**Your assignment:** The string "point" may appear in lines of the data; report how many lines contain it, with no other output.

**Source information:**
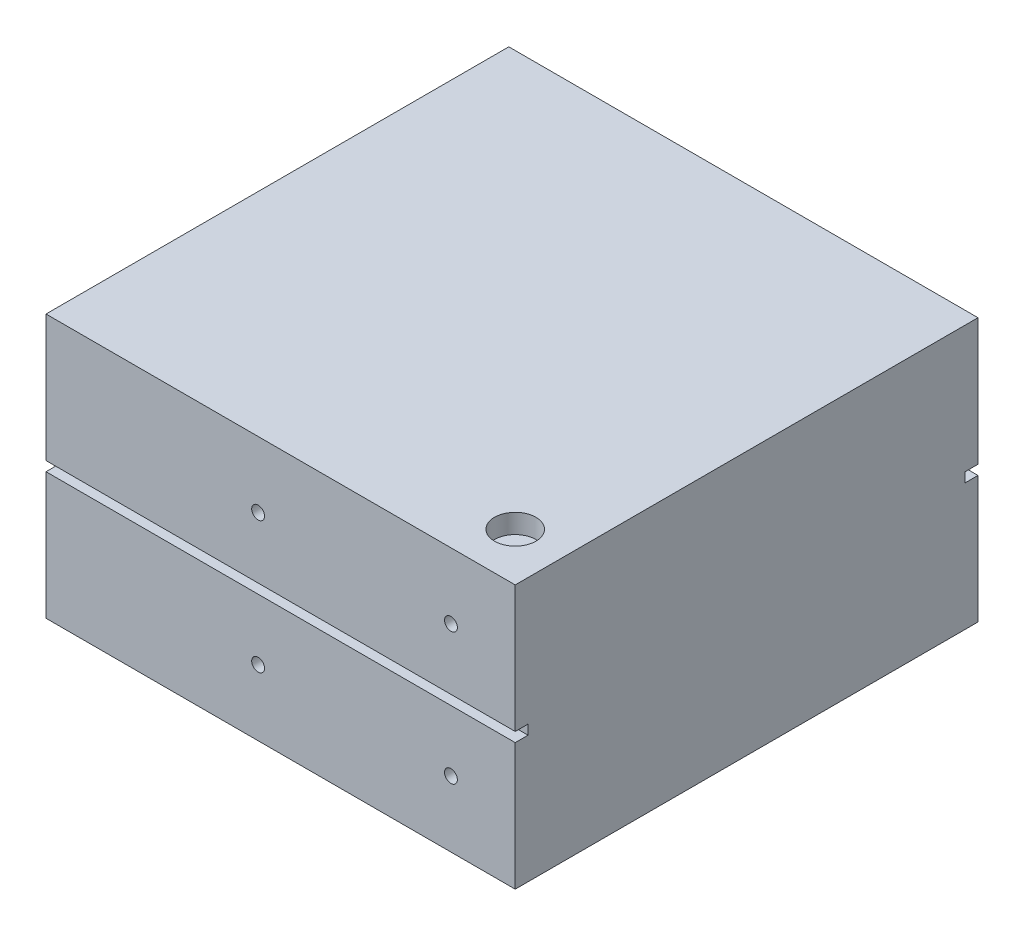
SolidWorks part; units mm, degrees
ref_plane "Front Plane" through (0, 0, 0) normal (0, 0, 1) x (1, 0, 0)
ref_plane "Top Plane" through (0, 0, 0) normal (0, 1, 0) x (1, 0, 0)
ref_plane "Right Plane" through (0, 0, 0) normal (1, 0, 0) x (0, 0, -1)
sketch "Sketch1" plane through (0, 0, 0) normal (0, 1, 0) x (1, 0, 0)
  line L1 (-56.6031, 36.8369) -> (89.3969, 36.8369)
  line L2 (-56.6031, 36.8369) -> (-56.6031, -107.1631)
  line L3 (-56.6031, -107.1631) -> (89.3969, -107.1631)
  line L4 (89.3969, 36.8369) -> (89.3969, -107.1631)
  dimension "D1" = 146
  dimension "D2" = 144
extrude "Boss-Extrude1" add sketch "Sketch1" along normal blind 82
shell "Shell1" thickness 6
sketch "Sketch2" plane through (0, 82, 0) normal (0, 1, 0) x (1, 0, 0)
  line L0 (89.3969, -107.1631) -> (89.3969, 36.8369) construction
  line L1 (-56.6031, -107.1631) -> (89.3969, -107.1631) construction
  circle A0 centre (74.3969, -92.1631) radius 6.45
  point P6 (76.2963, -90.4156)
  dimension "D1" = 15
  dimension "D2" = 15
extrude "Cut-Extrude1" cut sketch "Sketch2" against normal blind 10
sketch "Sketch3" plane through (-56.6031, 0, 0) normal (-1, 0, 0) x (0, 0, 1)
  line L0 (-36.8369, 0) -> (107.1631, 0) construction
  line L1 (-36.8369, 82) -> (-36.8369, 0) construction
  line L2 (107.1631, 82) -> (107.1631, 0) construction
  line L3 (-36.8369, 82) -> (107.1631, 82) construction
  circle A0 centre (87.1631, 62) radius 6.5
  circle A1 centre (-16.8369, 20) radius 6.5
  dimension "D1" = 20
  dimension "D2" = 20
  dimension "D3" = 20
  dimension "D4" = 20
extrude "Cut-Extrude2" cut sketch "Sketch3" against normal blind 5
sketch "Sketch4" plane through (-56.6031, 0, 0) normal (-1, 0, 0) x (0, 0, 1)
  line L0 (-36.8369, 82) -> (-36.8369, 0) construction
  line L1 (-36.8369, 42.5) -> (-32.8369, 42.5)
  line L2 (-36.8369, 42.5) -> (-36.8369, 39.5)
  line L3 (-36.8369, 39.5) -> (-32.8369, 39.5)
  line L4 (-32.8369, 42.5) -> (-32.8369, 39.5)
  line L5 (107.1631, 82) -> (107.1631, 0) construction
  line L6 (107.1631, 42.5) -> (103.1631, 42.5)
  line L7 (107.1631, 42.5) -> (107.1631, 39.5)
  line L8 (107.1631, 39.5) -> (103.1631, 39.5)
  line L9 (103.1631, 42.5) -> (103.1631, 39.5)
  line L10 (-36.8369, 82) -> (107.1631, 82) construction
  point P12 (-32.8369, 41)
  point P15 (103.1631, 41)
  dimension "D1" = 4
  dimension "D2" = 3
  dimension "D3" = 4
  dimension "D4" = 3
  dimension "D5" = 41
  dimension "D6" = 41
extrude "Cut-Extrude3" cut sketch "Sketch4" against normal through all
sketch "Sketch5" plane through (0, 0, 107.1631) normal (0, 0, 1) x (1, 0, 0)
  line L0 (-56.6031, 82) -> (89.3969, 82) construction
  line L1 (-56.6031, 0) -> (89.3969, 0) construction
  line L3 (89.3969, 82) -> (89.3969, 42.5) construction
  line L4 (89.3969, 39.5) -> (89.3969, 0) construction
  circle A0 centre (69.3969, 61.5) radius 2
  circle A1 centre (9.3969, 61.5) radius 2
  circle A2 centre (9.3969, 20.5) radius 2
  circle A3 centre (69.3969, 20.5) radius 2
  dimension "D1" = 20.5
  dimension "D2" = 20.5
  dimension "D3" = 20.5
  dimension "D4" = 20.5
  dimension "D5" = 20
  dimension "D6" = 20
  dimension "D7" = 60
  dimension "D8" = 60
extrude "Cut-Extrude4" cut sketch "Sketch5" against normal blind 4
sketch "Sketch6" plane through (0, 0, -36.8369) normal (0, 0, -1) x (-1, 0, 0)
  circle A0 centre (-9.3969, 61.5) radius 2
  circle A1 centre (-69.3969, 61.5) radius 2
  circle A2 centre (-69.3969, 20.5) radius 2
  circle A3 centre (-9.3969, 20.5) radius 2
  point P10 (-69.3969, 61.5)
  point P12 (-9.3969, 61.5)
extrude "Cut-Extrude5" cut sketch "Sketch6" against normal blind 4
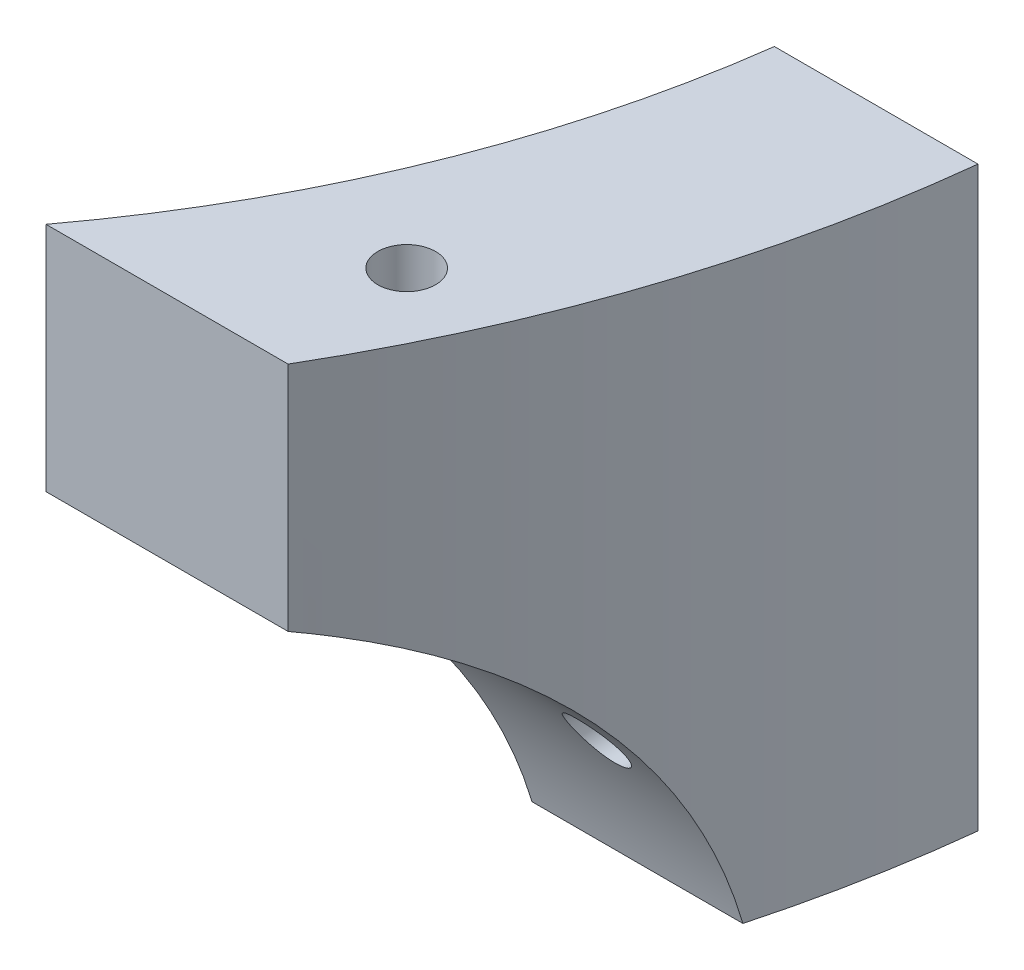
SolidWorks part; units mm, degrees
material "1023 Carbon Steel Sheet (SS)"
ref_plane "Front Plane" through (0, 0, 0) normal (0, 0, 1) x (1, 0, 0)
ref_plane "Top Plane" through (0, 0, 0) normal (0, 1, 0) x (1, 0, 0)
ref_plane "Right Plane" through (0, 0, 0) normal (1, 0, 0) x (0, 0, -1)
sketch "Sketch1" plane through (0, 0, 0) normal (0, 1, 0) x (1, 0, 0)
  line L0 (-1000, 0) -> (-104.805, 0) construction
  line L1 (0, -1000) -> (0, 49000) construction
  line L2 (91.805, -10) -> (90.2527, -10)
  line L3 (-76.805, 0) -> (76.805, 0)
  line L7 (-91.805, -10) -> (-90.2527, -10)
  line L9 (104.805, 0) -> (49000, 0) construction
  line L10 (-76.805, 0) -> (-76.805, 20)
  line L12 (-76.805, 0) -> (76.805, 0) construction
  line L13 (91.805, 20) -> (91.805, -10)
  line L14 (76.805, 20) -> (91.805, 20)
  line L17 (-76.805, 20) -> (-91.805, 20)
  line L18 (76.805, 0) -> (76.805, 20)
  line L19 (-91.805, 20) -> (-91.805, -10)
  arc A0 (-90.2527, -10) -> (90.2527, -10) centre (0, 0) ccw
  arc A1 (-76.805, 0) -> (76.805, 0) centre (0, 0) ccw
  dimension "D1" = 181.61
  dimension "D2" = 14
  dimension "D3" = 30
  dimension "D4" = 15
extrude "Boss-Extrude1" add sketch "Sketch1" against normal blind 60
sketch "Sketch25" plane through (0, -60, 0) normal (0, -1, 0) x (-1, 0, 0)
  line L0 (76.805, 20) -> (91.805, -10)
  line L1 (91.805, -10) -> (76.805, -10)
  line L2 (76.805, -10) -> (91.805, 20)
  line L3 (-91.805, -10) -> (-76.805, 20)
  line L4 (81.555, -3.5) -> (87.055, -3.5)
  line L5 (81.555, -3.5) -> (81.555, 13.5)
  line L6 (81.555, 13.5) -> (87.055, 13.5)
  line L7 (87.055, -3.5) -> (87.055, 13.5)
  line L8 (81.555, -3.5) -> (87.055, 13.5) construction
  line L9 (81.555, 13.5) -> (87.055, -3.5) construction
  line L10 (-76.805, 20) -> (-77.8097, -10)
  line L11 (-77.8097, -10) -> (-91.805, -10)
  line L12 (-77.8097, -10) -> (-91.805, 20)
  line L14 (-87.055, -3.5) -> (-81.555, -3.5)
  line L15 (-87.055, -3.5) -> (-87.055, 13.5)
  line L16 (-87.055, 13.5) -> (-81.555, 13.5)
  line L17 (-81.555, -3.5) -> (-81.555, 13.5)
  line L18 (-87.055, -3.5) -> (-81.555, 13.5) construction
  line L19 (-87.055, 13.5) -> (-81.555, -3.5) construction
  point P4 (84.305, 5)
  point P16 (-84.305, 5)
  dimension "D1" = 5.5
  dimension "D2" = 17
  dimension "D3" = 17
  dimension "D4" = 5.5
extrude "Boss-Extrude3" add sketch "Sketch25" along normal blind 20 contours L15 L16 L17 L14 | L5 L6 L7 L4
ref_plane "Plane4" through (0, 0, 90) normal (0, 0, 1) x (1, 0, 0)
fillet "Fillet1" radius 2.3 8 edges at (84.305, -60, 3.5) (81.555, -60, -5) (84.305, -60, -13.5) (87.055, -60, -5) (-87.055, -60, -5) (-84.305, -60, -13.5) (-84.305, -60, 3.5) (-81.555, -60, -5)
sketch "Sketch28" plane through (91.805, 0, 0) normal (1, 0, 0) x (0, 0, -1)
  line L2 (20, 0) -> (20, -60)
  line L3 (20, -60) -> (-10, -60)
  line L4 (-10, 0) -> (-10, -60)
  line L5 (9, -37) -> (1, -37)
  line L6 (9, -37) -> (9, -47)
  line L7 (9, -47) -> (1, -47)
  line L8 (1, -37) -> (1, -47)
  line L9 (9, -37) -> (1, -47) construction
  line L10 (9, -47) -> (1, -37) construction
  point P7 (5, -42)
  dimension "D1" = 11
  dimension "D2" = 8
  dimension "D3" = 10
  dimension "D4" = 13
extrude "Cut-Extrude17" cut sketch "Sketch28" against normal blind 265 contours L5 L8 L7 L6
sketch "Sketch30" plane through (0, 0, -20) normal (0, 0, -1) x (-1, 0, 0)
  line L0 (-91.805, -60) -> (-91.805, 0) construction
  line L1 (91.805, 0) -> (-91.805, 0)
  line L2 (91.805, 0) -> (91.805, -30)
  line L3 (91.805, -30) -> (-91.805, -30)
  line L4 (-91.805, 0) -> (-91.805, -30)
  dimension "D1" = 30
extrude "Cut-Extrude19" cut sketch "Sketch30" against normal through all both and the other way through all
sketch "Sketch32" plane through (0, 0, -20) normal (0, 0, -1) x (-1, 0, 0)
  line L0 (-91.805, -60) -> (-91.805, -30) construction
  line L1 (-82.805, -39) -> (-85.805, -39)
  line L2 (-82.805, -39) -> (-82.805, -53)
  line L3 (-82.805, -53) -> (-85.805, -53)
  line L4 (-85.805, -39) -> (-85.805, -53)
  line L8 (-76.805, -30) -> (-91.805, -30) construction
  line L9 (0, 0) -> (0, -102.7115)
  line L10 (53.2739, -37) -> (53.2739, -51)
  line L11 (-66.6352, -37) -> (-63.6352, -37)
  line L12 (-66.6352, -37) -> (-66.6352, -51)
  line L13 (-66.6352, -51) -> (-63.6352, -51)
  line L14 (-63.6352, -37) -> (-63.6352, -51)
  line L15 (-50.2739, -37) -> (-53.2739, -37)
  line L16 (-50.2739, -37) -> (-50.2739, -51)
  line L17 (-50.2739, -51) -> (-53.2739, -51)
  line L18 (-53.2739, -37) -> (-53.2739, -51)
  line L19 (50.2739, -51) -> (53.2739, -51)
  line L20 (50.2739, -37) -> (50.2739, -51)
  line L21 (50.2739, -37) -> (53.2739, -37)
  line L22 (63.6352, -37) -> (63.6352, -51)
  line L23 (66.6352, -51) -> (63.6352, -51)
  line L24 (66.6352, -37) -> (66.6352, -51)
  line L25 (66.6352, -37) -> (63.6352, -37)
  line L26 (85.805, -39) -> (85.805, -53)
  line L27 (82.805, -53) -> (85.805, -53)
  line L28 (82.805, -39) -> (82.805, -53)
  line L29 (82.805, -39) -> (85.805, -39)
  point P19 (-51.7739, -37)
  point P20 (-65.1352, -37)
  dimension "D1" = 3
  dimension "D2" = 6
  dimension "D3" = 14
  dimension "D4" = 9
  dimension "D5" = 1.5
  dimension "D6" = 1.5
extrude "Cut-Extrude20" cut sketch "Sketch32" against normal through all both and the other way through all contours L14 L11 L12 L13 | L15 L18 L17 L16 | L4 L3 L2 L1 | L24 L23 L22 L25 | L10 L19 L20 L21 | L28 L27 L26 L29
sketch "Sketch33" plane through (0, -60, 0) normal (0, -1, 0) x (-1, 0, 0)
  line L0 (90.2527, -10) -> (76.1512, -10)
  line L1 (0, 0) -> (0, -98.2692)
  line L2 (73.8985, -52.7689) -> (61.5906, -45.8869)
  line L3 (-90.2527, -10) -> (-76.1512, -10)
  line L4 (-73.8985, -52.7689) -> (-61.5906, -45.8869)
  arc A0 (-76.805, 0) -> (76.805, 0) centre (0, 0) ccw construction
  arc A1 (76.1512, -10) -> (61.5906, -45.8869) centre (0, 0) cw
  arc A2 (90.2527, -10) -> (73.8985, -52.7689) centre (0, 0) cw
  arc A3 (-90.2527, -10) -> (90.2527, -10) centre (0, 0) ccw construction
  arc A4 (-76.1512, -10) -> (-61.5906, -45.8869) centre (0, 0) ccw
  arc A5 (-90.2527, -10) -> (-73.8985, -52.7689) centre (0, 0) ccw
  arc M9 (76.805, 0) -> (-76.805, 0) centre (0, 0) cw
  arc M14 (-90.2527, -10) -> (90.2527, -10) centre (0, 0) ccw
extrude "Boss-Extrude4" add sketch "Sketch33" along normal blind 40 contours L4 L3 M14 M9 | L2 L0 M14 M9
sketch "Sketch37" plane through (0, 0, 0) normal (1, 0, 0) x (0, 0, -1)
  line L0 (-0.8813, -100) -> (-23.6906, -100)
  line L1 (-45.8869, -59.9172) -> (-45.8869, -76.0376)
  line L2 (-45.8869, -59.9172) -> (-66.9482, -59.9172)
  line L3 (-66.9482, -59.9172) -> (-63.7464, -92.4419)
  line L4 (-63.7464, -92.4419) -> (-47.5718, -115.3465)
  line L5 (-47.5718, -115.3465) -> (-8.0864, -115.3465)
  line L6 (-8.0864, -115.3465) -> (-0.8813, -100)
  line L7 (-45.8869, -100) -> (-10, -100) construction
  line L8 (-45.8869, -100) -> (-45.8869, -60) construction
  arc A0 (-23.6906, -100) -> (-45.8869, -76.0376) centre (-56.36, -108.0002) ccw
extrude "Cut-Extrude21" cut sketch "Sketch37" against normal through all both and the other way through all contours L6 L0 A0 L1 L2 L3 L4 L5
sketch "Sketch38" plane through (0, 0, 0) normal (1, 0, 0) x (0, 0, -1)
  line L0 (-90.805, -60) -> (-66.9401, -60) construction
  line L1 (20, -30) -> (-90.805, -30)
  line L2 (20, -30) -> (20, -60)
  line L3 (-10, -60) -> (-90.805, -60)
  line L4 (-90.805, -30) -> (-90.805, -60)
  line L5 (-90.805, -30) -> (-90.805, -60) construction
  line L6 (-10, -100) -> (-10, -60) construction
  line L8 (20, -60) -> (20, -100)
  line L9 (20, -100) -> (-10, -100)
  line L10 (-10, -60) -> (-10, -100)
extrude "Cut-Extrude22" cut sketch "Sketch38" against normal through all both and the other way through all
sketch "Sketch40" plane through (0, -100, 0) normal (0, -1, 0) x (-1, 0, 0)
  line L1 (90.2527, -10) -> (58.4518, -10)
  line L2 (90.2527, -10) -> (90.2527, -69.8018)
  line L3 (90.2527, -69.8018) -> (58.4518, -69.8018)
  line L4 (58.4518, -10) -> (58.4518, -69.8018)
extrude "Cut-Extrude23" cut sketch "Sketch40" against normal blind 55
sketch "Sketch41" plane through (0, 0, 10) normal (0, 0, -1) x (-1, 0, 0)
  circle A0 centre (-82.2527, -89.36) radius 2
  dimension "D2" = 4
  dimension "D1" = 8
extrude "Cut-Extrude24" cut sketch "Sketch41" against normal blind 55 contours A0
sketch "Sketch42" plane through (0, -60, 0) normal (0, 1, 0) x (1, 0, 0)
  circle A0 centre (76.7086, -36.0238) radius 2
  dimension "D1" = 4
  dimension "D2" = 10
extrude "Cut-Extrude25" cut sketch "Sketch42" against normal blind 55

**Result of this task:** 10